Fig. 1 displays the NUMA architecture of an AMD Epyc 7543 processor. In total this processor has 512 GB of system memory available. However, this memory is spread across 4 NUMA nodes (pink bars). Each NUMA domain consists of 8 physical CPU cores (each able to work on 2 threads, i.e. P#0/P#32 belong to the same physical core). These domains share not only a chunk of the system memory, but also their own L3 cache. Hence, it is important for this specific processor that not more than 8 cores work on a specific task. If more cores work on the same memory they have to communicate to the other NUMA domains with some latency. This is important for choosing parallelization tags. Hence, we know now that 8 cores is a good work-group size for VASP on this processor, and that up to 32 cores can work on the same memory with a small penalty. If we use more than 32 cores, we have to communicate between two different processors (nodes / sockets) via a different protocol (MPI); much higher latency. If the tool lstopo is not available on your system, you can use the command numactl --hardware to get text output of the same information:

# numactl --hardware
available: 4 nodes (0-3)
node 0 cpus: 0 1 2 3 4 5 6 7 32 33 34 35 36 37 38 39
node 0 size: 128262 MB
node 1 cpus: 8 9 10 11 12 13 14 15 40 41 42 43 44 45 46 47
node 1 size: 129018 MB
node 2 cpus: 16 17 18 19 20 21 22 23 48 49 50 51 52 53 54 55
node 2 size: 129018 MB
node 3 cpus: 24 25 26 27 28 29 30 31 56 57 58 59 60 61 62 63
node 3 size: 129003 MB
node distances:
node   0   1   2   3 
 0:  10  12  12  12 
 1:  12  10  12  12 
 2:  12  12  10  12 
 3:  12  12  12  10

Another point that immediately follows from the concept of NUMA domains is that MPI ranks should not jump between NUMA domains.
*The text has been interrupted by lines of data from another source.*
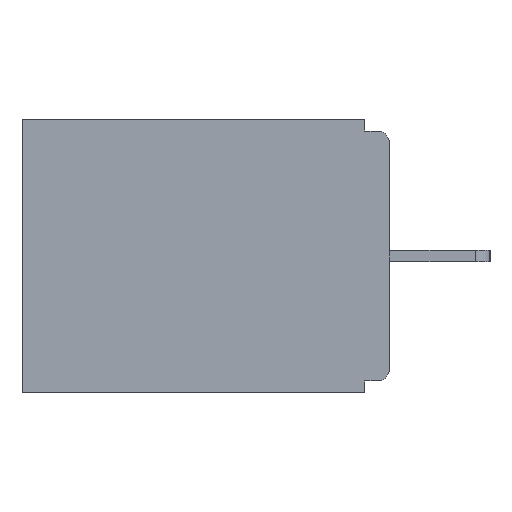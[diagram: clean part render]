
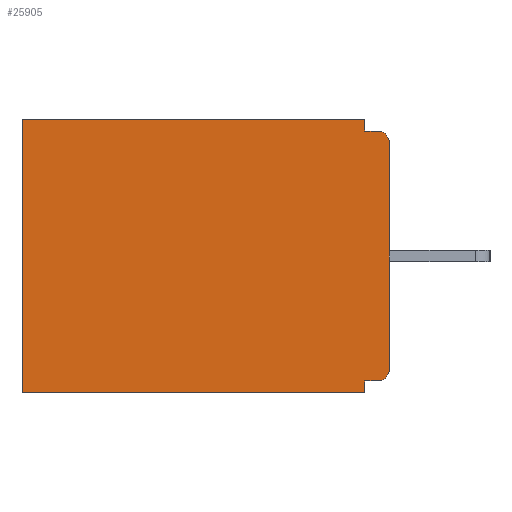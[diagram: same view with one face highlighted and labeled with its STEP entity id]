
A CAD part, left-side view. The second image highlights one B-rep face of the part: STEP entity #25905.
In plain terms, the highlighted planar face has unit normal (-1, 0, 0).
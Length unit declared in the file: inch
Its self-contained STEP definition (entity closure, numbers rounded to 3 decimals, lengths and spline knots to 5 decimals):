
#105 = DIRECTION ( 'NONE',  ( 0., 0., -1. ) ) ;
#183 = DIRECTION ( 'NONE',  ( 1., 0., 0. ) ) ;
#198 = VERTEX_POINT ( 'NONE', #25444 ) ;
#890 = AXIS2_PLACEMENT_3D ( 'NONE', #10734, #183, #14944 ) ;
#933 = VECTOR ( 'NONE', #13649, 39.37008 ) ;
#1438 = VERTEX_POINT ( 'NONE', #13939 ) ;
#1995 = DIRECTION ( 'NONE',  ( 0., 0., -1. ) ) ;
#2492 = ORIENTED_EDGE ( 'NONE', *, *, #13194, .T. ) ;
#4605 = VECTOR ( 'NONE', #6643, 39.37008 ) ;
#4936 = VERTEX_POINT ( 'NONE', #24002 ) ;
#5005 = VERTEX_POINT ( 'NONE', #24268 ) ;
#5127 = EDGE_CURVE ( 'NONE', #5005, #6110, #6570, .T. ) ;
#5691 = EDGE_CURVE ( 'NONE', #22411, #1438, #14431, .T. ) ;
#6016 = ORIENTED_EDGE ( 'NONE', *, *, #22424, .T. ) ;
#6070 = CARTESIAN_POINT ( 'NONE',  ( 0.298, 0.031, -0.328 ) ) ;
#6110 = VERTEX_POINT ( 'NONE', #8111 ) ;
#6570 = LINE ( 'NONE', #13682, #933 ) ;
#6643 = DIRECTION ( 'NONE',  ( 0., 0., -1. ) ) ;
#6980 = CARTESIAN_POINT ( 'NONE',  ( 0.298, 0.46, 0. ) ) ;
#7267 = EDGE_CURVE ( 'NONE', #4936, #9767, #20668, .T. ) ;
#7342 = CIRCLE ( 'NONE', #10210, 0.015 ) ;
#7529 = VECTOR ( 'NONE', #9068, 39.37008 ) ;
#7784 = CARTESIAN_POINT ( 'NONE',  ( 0.298, 0.015, -0.015 ) ) ;
#8111 = CARTESIAN_POINT ( 'NONE',  ( 0.298, 0.46, -0.343 ) ) ;
#8420 = VECTOR ( 'NONE', #9962, 39.37008 ) ;
#8537 = CARTESIAN_POINT ( 'NONE',  ( 0.298, 0.46, 0. ) ) ;
#8781 = DIRECTION ( 'NONE',  ( -1., 0., 0. ) ) ;
#9068 = DIRECTION ( 'NONE',  ( 0., -1., 0. ) ) ;
#9102 = CARTESIAN_POINT ( 'NONE',  ( 0.298, 0., -0.015 ) ) ;
#9629 = VECTOR ( 'NONE', #105, 39.37008 ) ;
#9766 = CIRCLE ( 'NONE', #18289, 0.015 ) ;
#9767 = VERTEX_POINT ( 'NONE', #6070 ) ;
#9962 = DIRECTION ( 'NONE',  ( 0., 1., 0. ) ) ;
#10210 = AXIS2_PLACEMENT_3D ( 'NONE', #26683, #14607, #1995 ) ;
#10506 = CARTESIAN_POINT ( 'NONE',  ( 0.298, 0.031, -0.343 ) ) ;
#10648 = CARTESIAN_POINT ( 'NONE',  ( 0.298, 0., -0.328 ) ) ;
#10734 = CARTESIAN_POINT ( 'NONE',  ( 0.298, 0., 0. ) ) ;
#11391 = EDGE_LOOP ( 'NONE', ( #18496, #25261, #23712, #6016, #11669, #26276, #19959, #19679, #2492, #22081 ) ) ;
#11541 = DIRECTION ( 'NONE',  ( 0., 1., 0. ) ) ;
#11669 = ORIENTED_EDGE ( 'NONE', *, *, #21633, .T. ) ;
#12148 = EDGE_CURVE ( 'NONE', #23672, #18271, #23954, .T. ) ;
#12969 = FACE_OUTER_BOUND ( 'NONE', #11391, .T. ) ;
#13194 = EDGE_CURVE ( 'NONE', #4936, #1438, #9766, .T. ) ;
#13558 = CARTESIAN_POINT ( 'NONE',  ( 0.298, 0., 0. ) ) ;
#13649 = DIRECTION ( 'NONE',  ( 0., 1., 0. ) ) ;
#13682 = CARTESIAN_POINT ( 'NONE',  ( 0.298, 0., -0.343 ) ) ;
#13722 = EDGE_CURVE ( 'NONE', #9767, #5005, #23549, .T. ) ;
#13939 = CARTESIAN_POINT ( 'NONE',  ( 0.298, 0., -0.313 ) ) ;
#14431 = LINE ( 'NONE', #20305, #19811 ) ;
#14607 = DIRECTION ( 'NONE',  ( -1., 0., 0. ) ) ;
#14944 = DIRECTION ( 'NONE',  ( 0., 0., -1. ) ) ;
#15112 = VECTOR ( 'NONE', #11541, 39.37008 ) ;
#15175 = LINE ( 'NONE', #8537, #9629 ) ;
#15610 = CARTESIAN_POINT ( 'NONE',  ( 0.298, 0., -0.03 ) ) ;
#15712 = LINE ( 'NONE', #18942, #4605 ) ;
#16840 = PLANE ( 'NONE',  #890 ) ;
#18271 = VERTEX_POINT ( 'NONE', #7784 ) ;
#18289 = AXIS2_PLACEMENT_3D ( 'NONE', #21115, #8781, #23181 ) ;
#18496 = ORIENTED_EDGE ( 'NONE', *, *, #21553, .T. ) ;
#18942 = CARTESIAN_POINT ( 'NONE',  ( 0.298, 0.031, -0.343 ) ) ;
#19388 = VECTOR ( 'NONE', #24871, 39.37008 ) ;
#19679 = ORIENTED_EDGE ( 'NONE', *, *, #7267, .F. ) ;
#19811 = VECTOR ( 'NONE', #21558, 39.37008 ) ;
#19959 = ORIENTED_EDGE ( 'NONE', *, *, #13722, .F. ) ;
#20305 = CARTESIAN_POINT ( 'NONE',  ( 0.298, 0., 0. ) ) ;
#20668 = LINE ( 'NONE', #10648, #8420 ) ;
#21115 = CARTESIAN_POINT ( 'NONE',  ( 0.298, 0.015, -0.313 ) ) ;
#21149 = LINE ( 'NONE', #13558, #15112 ) ;
#21553 = EDGE_CURVE ( 'NONE', #22411, #18271, #7342, .T. ) ;
#21558 = DIRECTION ( 'NONE',  ( 0., 0., -1. ) ) ;
#21633 = EDGE_CURVE ( 'NONE', #23582, #6110, #15175, .T. ) ;
#22081 = ORIENTED_EDGE ( 'NONE', *, *, #5691, .F. ) ;
#22411 = VERTEX_POINT ( 'NONE', #15610 ) ;
#22424 = EDGE_CURVE ( 'NONE', #198, #23582, #21149, .T. ) ;
#22852 = EDGE_CURVE ( 'NONE', #198, #23672, #15712, .T. ) ;
#23181 = DIRECTION ( 'NONE',  ( 0., 0., -1. ) ) ;
#23549 = LINE ( 'NONE', #10506, #19388 ) ;
#23582 = VERTEX_POINT ( 'NONE', #6980 ) ;
#23672 = VERTEX_POINT ( 'NONE', #23737 ) ;
#23712 = ORIENTED_EDGE ( 'NONE', *, *, #22852, .F. ) ;
#23737 = CARTESIAN_POINT ( 'NONE',  ( 0.298, 0.031, -0.015 ) ) ;
#23954 = LINE ( 'NONE', #9102, #7529 ) ;
#24002 = CARTESIAN_POINT ( 'NONE',  ( 0.298, 0.015, -0.328 ) ) ;
#24268 = CARTESIAN_POINT ( 'NONE',  ( 0.298, 0.031, -0.343 ) ) ;
#24871 = DIRECTION ( 'NONE',  ( 0., 0., -1. ) ) ;
#25261 = ORIENTED_EDGE ( 'NONE', *, *, #12148, .F. ) ;
#25444 = CARTESIAN_POINT ( 'NONE',  ( 0.298, 0.031, 0. ) ) ;
#25905 = ADVANCED_FACE ( 'NONE', ( #12969 ), #16840, .F. ) ;
#26276 = ORIENTED_EDGE ( 'NONE', *, *, #5127, .F. ) ;
#26683 = CARTESIAN_POINT ( 'NONE',  ( 0.298, 0.015, -0.03 ) ) ;
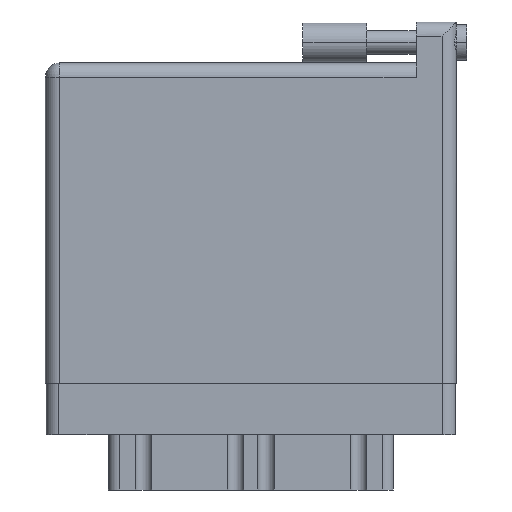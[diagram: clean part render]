
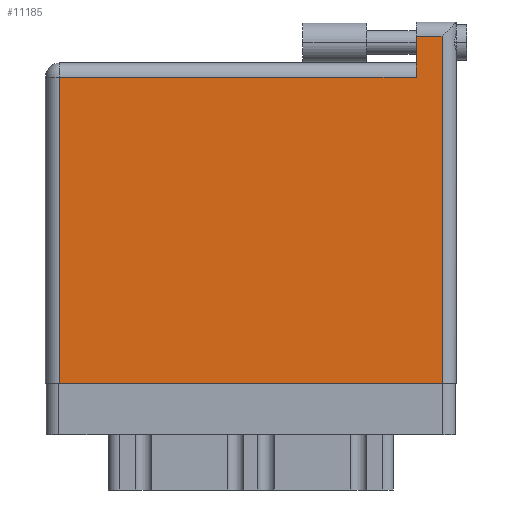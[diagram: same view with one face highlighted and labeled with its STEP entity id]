
A CAD part, front view. The second image highlights one B-rep face of the part: STEP entity #11185.
In plain terms, the highlighted face is planar.
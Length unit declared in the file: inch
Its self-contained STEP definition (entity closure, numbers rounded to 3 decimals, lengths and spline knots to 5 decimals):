
#1038 = CARTESIAN_POINT ( 'NONE',  ( 1.811, 1.496, 0. ) ) ;
#2209 = ORIENTED_EDGE ( 'NONE', *, *, #26951, .T. ) ;
#2925 = LINE ( 'NONE', #11515, #13442 ) ;
#6013 = CARTESIAN_POINT ( 'NONE',  ( 1.938, 1.696, 0. ) ) ;
#7605 = EDGE_CURVE ( 'NONE', #32291, #21695, #13693, .T. ) ;
#8511 = ORIENTED_EDGE ( 'NONE', *, *, #27737, .T. ) ;
#10071 = EDGE_CURVE ( 'NONE', #16131, #33182, #20262, .T. ) ;
#10542 = EDGE_LOOP ( 'NONE', ( #20968, #24654, #11697, #2209, #25558, #8511 ) ) ;
#11185 = ADVANCED_FACE ( 'NONE', ( #16933 ), #34552, .F. ) ;
#11515 = CARTESIAN_POINT ( 'NONE',  ( 1.938, 1.766, 0. ) ) ;
#11697 = ORIENTED_EDGE ( 'NONE', *, *, #7605, .T. ) ;
#12974 = LINE ( 'NONE', #15724, #29293 ) ;
#13442 = VECTOR ( 'NONE', #20741, 39.37008 ) ;
#13495 = DIRECTION ( 'NONE',  ( -1., 0., 0. ) ) ;
#13693 = LINE ( 'NONE', #25437, #14811 ) ;
#13729 = CARTESIAN_POINT ( 'NONE',  ( 1.811, 1.696, 0. ) ) ;
#14811 = VECTOR ( 'NONE', #13495, 39.37008 ) ;
#15724 = CARTESIAN_POINT ( 'NONE',  ( 0., 0., 0. ) ) ;
#16131 = VERTEX_POINT ( 'NONE', #1038 ) ;
#16756 = VECTOR ( 'NONE', #35414, 39.37008 ) ;
#16933 = FACE_OUTER_BOUND ( 'NONE', #10542, .T. ) ;
#17418 = LINE ( 'NONE', #37764, #16756 ) ;
#17727 = CARTESIAN_POINT ( 'NONE',  ( 0., 1.496, 0. ) ) ;
#19081 = VERTEX_POINT ( 'NONE', #27809 ) ;
#19382 = VECTOR ( 'NONE', #32185, 39.37008 ) ;
#20262 = LINE ( 'NONE', #17727, #19382 ) ;
#20741 = DIRECTION ( 'NONE',  ( 0., 1., 0. ) ) ;
#20808 = EDGE_CURVE ( 'NONE', #19081, #32291, #2925, .T. ) ;
#20968 = ORIENTED_EDGE ( 'NONE', *, *, #34785, .T. ) ;
#21695 = VERTEX_POINT ( 'NONE', #13729 ) ;
#22420 = CARTESIAN_POINT ( 'NONE',  ( 0., 1.566, 0. ) ) ;
#22593 = CARTESIAN_POINT ( 'NONE',  ( 0.07, 0., 0. ) ) ;
#24654 = ORIENTED_EDGE ( 'NONE', *, *, #20808, .T. ) ;
#24979 = LINE ( 'NONE', #36921, #34314 ) ;
#25354 = DIRECTION ( 'NONE',  ( 0., 0., -1. ) ) ;
#25437 = CARTESIAN_POINT ( 'NONE',  ( 0., 1.696, 0. ) ) ;
#25558 = ORIENTED_EDGE ( 'NONE', *, *, #10071, .T. ) ;
#26951 = EDGE_CURVE ( 'NONE', #21695, #16131, #17418, .T. ) ;
#27737 = EDGE_CURVE ( 'NONE', #33182, #33279, #24979, .T. ) ;
#27809 = CARTESIAN_POINT ( 'NONE',  ( 1.938, 0., 0. ) ) ;
#29293 = VECTOR ( 'NONE', #36868, 39.37008 ) ;
#32185 = DIRECTION ( 'NONE',  ( -1., 0., 0. ) ) ;
#32291 = VERTEX_POINT ( 'NONE', #6013 ) ;
#33182 = VERTEX_POINT ( 'NONE', #37659 ) ;
#33279 = VERTEX_POINT ( 'NONE', #22593 ) ;
#33973 = DIRECTION ( 'NONE',  ( 0., -1., 0. ) ) ;
#34314 = VECTOR ( 'NONE', #33973, 39.37008 ) ;
#34365 = DIRECTION ( 'NONE',  ( -1., 0., 0. ) ) ;
#34552 = PLANE ( 'NONE',  #35211 ) ;
#34785 = EDGE_CURVE ( 'NONE', #33279, #19081, #12974, .T. ) ;
#35211 = AXIS2_PLACEMENT_3D ( 'NONE', #22420, #25354, #34365 ) ;
#35414 = DIRECTION ( 'NONE',  ( 0., -1., 0. ) ) ;
#36868 = DIRECTION ( 'NONE',  ( 1., 0., 0. ) ) ;
#36921 = CARTESIAN_POINT ( 'NONE',  ( 0.07, 0., 0. ) ) ;
#37659 = CARTESIAN_POINT ( 'NONE',  ( 0.07, 1.496, 0. ) ) ;
#37764 = CARTESIAN_POINT ( 'NONE',  ( 1.811, 1.766, 0. ) ) ;

They would loose access to their previous cache. To avoid this one uses pinning or binding of MPI ranks. This becomes also important for combining MPI with OpenMP threading. Threads should live close to their parent rank and also not move to share the same caches, i.e. live in the same NUMA domain. Binding ranks and threads to specific cores or regions depends on the software setup. For example in the popular SLURM jobscript submission system this is done via the flag --cpu-bind=cores , for openmpi this is done via --bind-to=core, and for intel MPI via -genv I_MPI_PIN=ON. To bind threads use the environment variable OMP_PROC_BIND and set it to true or close. For threads it is also important to tell them where they should run via OMP_PLACES, which best is set to cores.

In summary, to leverage the potential of this hardware in the best way, we want to have groups of 8 cores work as independent as possible. Hence, we should choose NBANDS, and the number of k-points in the IBZ such that they can be divided by 8. Then, we will find a good setting with NCORE = 8 and KPAR = 4 (or 4 times the number of compute nodes with this processor you have).

For benchmarking, start with this settings. Then, try to change the parallelization tags and observe how performance changes.